Our experiments focused on the performance characterization of quantum generative models. A comparative analysis of QCBMs and QGANs revealed differences in their efficiencies. Remarkably, QGANs achieved faster convergence with reduced computational demands. Despite the recent advancements in QPU architectures leading to reduced error rates, noise is still a limiting factor in the current NISQ era. To effectively mitigate the impact of noise in QML, strategies such as minimizing gate counts, employing QPUs with lower noise profiles, and designing circuits with inherently more resistant architectures must be pursued.

Our studies on the influence of noise on the training of QCBMs are limited to readout and two-qubit depolarizing errors.

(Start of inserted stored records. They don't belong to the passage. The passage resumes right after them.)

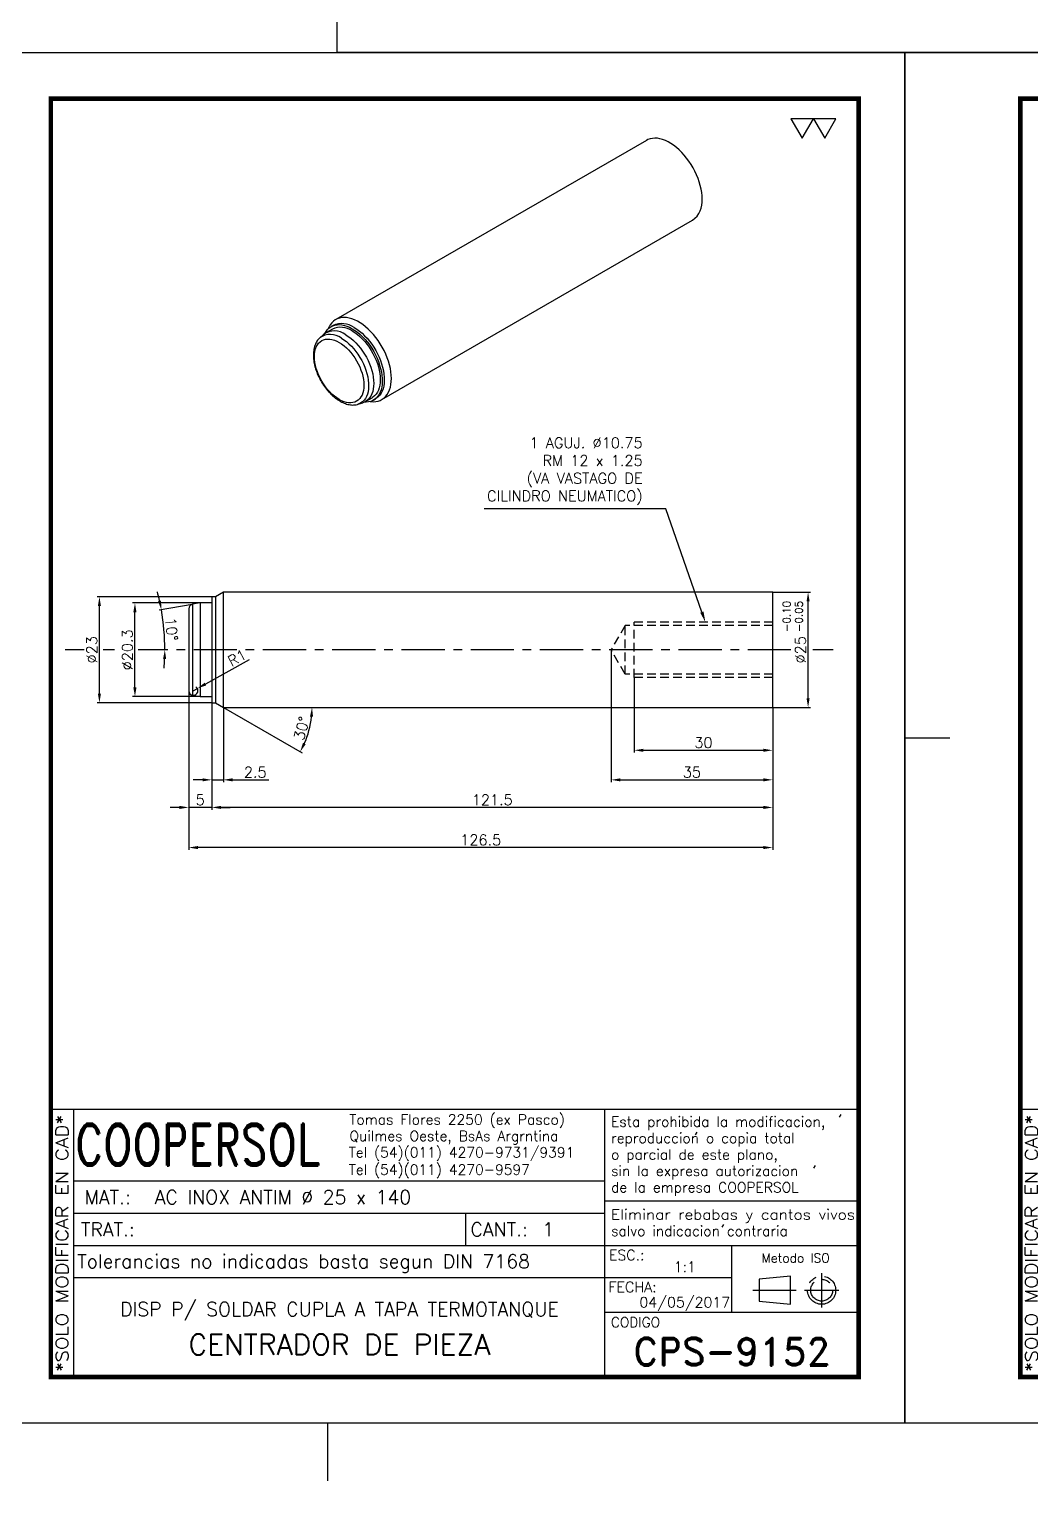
# Model space of a CAD drawing. Extents: x -13768 to 18086, y -10615 to 1188.
# Drawn here: x 650.4 to 867.2, y -18.5 to 302 of the extents above; entities that cross this region are included whole.
import ezdxf
from ezdxf import colors
from ezdxf.entities.mleader import LeaderData, LeaderLine
from ezdxf.enums import TextEntityAlignment as Align
from ezdxf.math import Vec2, Vec3

# ---------------------------------------------------------------- set-up
doc = ezdxf.new("R2010")
doc.units = 0
doc.header["$LTSCALE"] = 7.5
doc.header["$MEASUREMENT"] = 0
doc.linetypes.add('CENTER', pattern=[2, 1.25, -0.25, 0.25, -0.25])
doc.linetypes.add('HIDDEN', pattern=[0.375, 0.25, -0.125])
doc.layers.get('0').update_dxf_attribs({"linetype": 'CONTINUOUS'})
doc.layers.get('DEFPOINTS').update_dxf_attribs({"linetype": 'CONTINUOUS'})
for name, color, linetype in [('0-CO', 3, 'CONTINUOUS'), ('1', 1, 'CENTER'), ('CL', 1, 'CENTER'), ('CO', 3, 'CONTINUOUS'), ('FI', 1, 'CONTINUOUS'), ('OC', 1, 'HIDDEN')]:
    doc.layers.add(name, color=color, linetype=linetype)
doc.styles.add('ROMAND', font='ROMAND')
doc.styles.add('ROMANS', font='ROMANS.SHX')
doc.dimstyles.new('1', dxfattribs={"dimtxt": 2.3, "dimasz": 2, "dimexe": 0.5, "dimexo": 0.0625, "dimgap": 0.5, "dimtad": 1, "dimdec": 4, "dimdsep": 46, "dimtxsty": 'ROMANS', "dimcen": -2, "dimclrt": 7, "dimadec": 0, "dimazin": 0, "dimtfac": 0.869565, "dimtdec": 4, "dimtmove": 0, "dimatfit": 3, "dimfxl": 1, "dimtolj": 1, "dimarcsym": 0})

# ---------------------------------------------------------------- blocks, each defined once
blk = doc.blocks.new('A4G')
blk.add_line((0, 148.5), (9.75, 148.5))
blk.add_lwpolyline([(0, 297), (210, 297), (210, 0), (0, 0)], close=True)
at = {"const_width": 1}
blk.add_lwpolyline([(25, 287), (200, 287), (200, 10), (25, 10)], close=True, dxfattribs=at)
blk = doc.blocks.new('COOPERSOLROT-02')
for p, q in [((0, 58), (175, 58)), ((0, 0), (0, 58)), ((5, 0), (5, 58)), ((120, 0), (120, 58)), ((175, 0), (175, 58)), ((5, 42.5), (120, 42.5)), ((5, 35.5), (120, 35.5)), ((89.89, 28.5), (89.89, 35.5)), ((120, 38.19), (175, 38.19)), ((5, 28.5), (175, 28.5)), ((147.5, 14), (147.5, 28.5)), ((147.5, 21.5), (5, 21.5)), ((120, 14), (175, 14)), ((0, 0), (175, 0))]:
    blk.add_line(p, q)
at = {"color": 1, "linetype": 'CENTER'}
blk.add_line((166.98, 22.51), (166.98, 15.06), dxfattribs=at)
for points in [[(152.09, 18.79), (161.93, 18.79)], [(163.26, 18.79), (170.71, 18.79)]]:
    blk.add_lwpolyline(points, dxfattribs=at)
at = {"layer": '1'}
for points in [[(170.85, 56.26), (171.21, 56.85)], [(139.66, 52.43), (140.02, 53.02)], [(165.28, 45.22), (165.64, 45.81)], [(145.46, 32.42), (145.82, 33.01)]]:
    blk.add_lwpolyline(points, dxfattribs=at)
blk.add_lwpolyline([(160.25, 18.79), (160.25, 21.83), (153.47, 21.16), (153.47, 16.41), (160.25, 15.74)], close=True, dxfattribs=at)
for radius in [3.05, 2.37]:
    blk.add_circle((166.98, 18.79), radius, dxfattribs=at)
at = {"style": 'ROMANS', "width": 0.996387}
blk.add_text('*SOLO MODIFICAR EN CAD*', height=2.7, rotation=90, dxfattribs=at).set_placement((3.77, 1.09), (3.77, 56.81), align=Align.FIT)
at = {"style": 'ROMAND', "width": 0.75}
blk.add_text('COOPERSOL', height=9, dxfattribs=at).set_placement((5.26, 45.85))
at = {"style": 'ROMANS'}
for s, p in [('MAT.:', (7.32, 37.47)), ('TRAT.:', (6.5, 30.47)), ('CANT.:', (90.89, 30.47)), ('Tolerancias no indicadas basta segun DIN 7168', (5.7, 23.56))]:
    blk.add_text(s, height=3, dxfattribs=at).set_placement(p)
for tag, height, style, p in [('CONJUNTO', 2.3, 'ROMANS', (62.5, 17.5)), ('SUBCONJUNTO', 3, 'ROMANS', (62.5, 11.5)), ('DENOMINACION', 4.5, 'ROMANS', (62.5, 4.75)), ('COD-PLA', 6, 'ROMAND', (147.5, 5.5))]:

Future studies may benefit from incorporating a more complete noise model, including noise sources such as amplitude damping or crosstalk between qubit pairs. Furthermore, extending our studies to different quantum generative models, such as QGANs, would be interesting. After simulating the influence of noise on the performance of quantum generative models, conducting the experiments on quantum hardware would be a natural step. One compelling aspect to explore is investigating if a model trained with a noisy simulator has learned to resist the noise. Based on our experience, the QUARK framework should be the tool of choice for future research.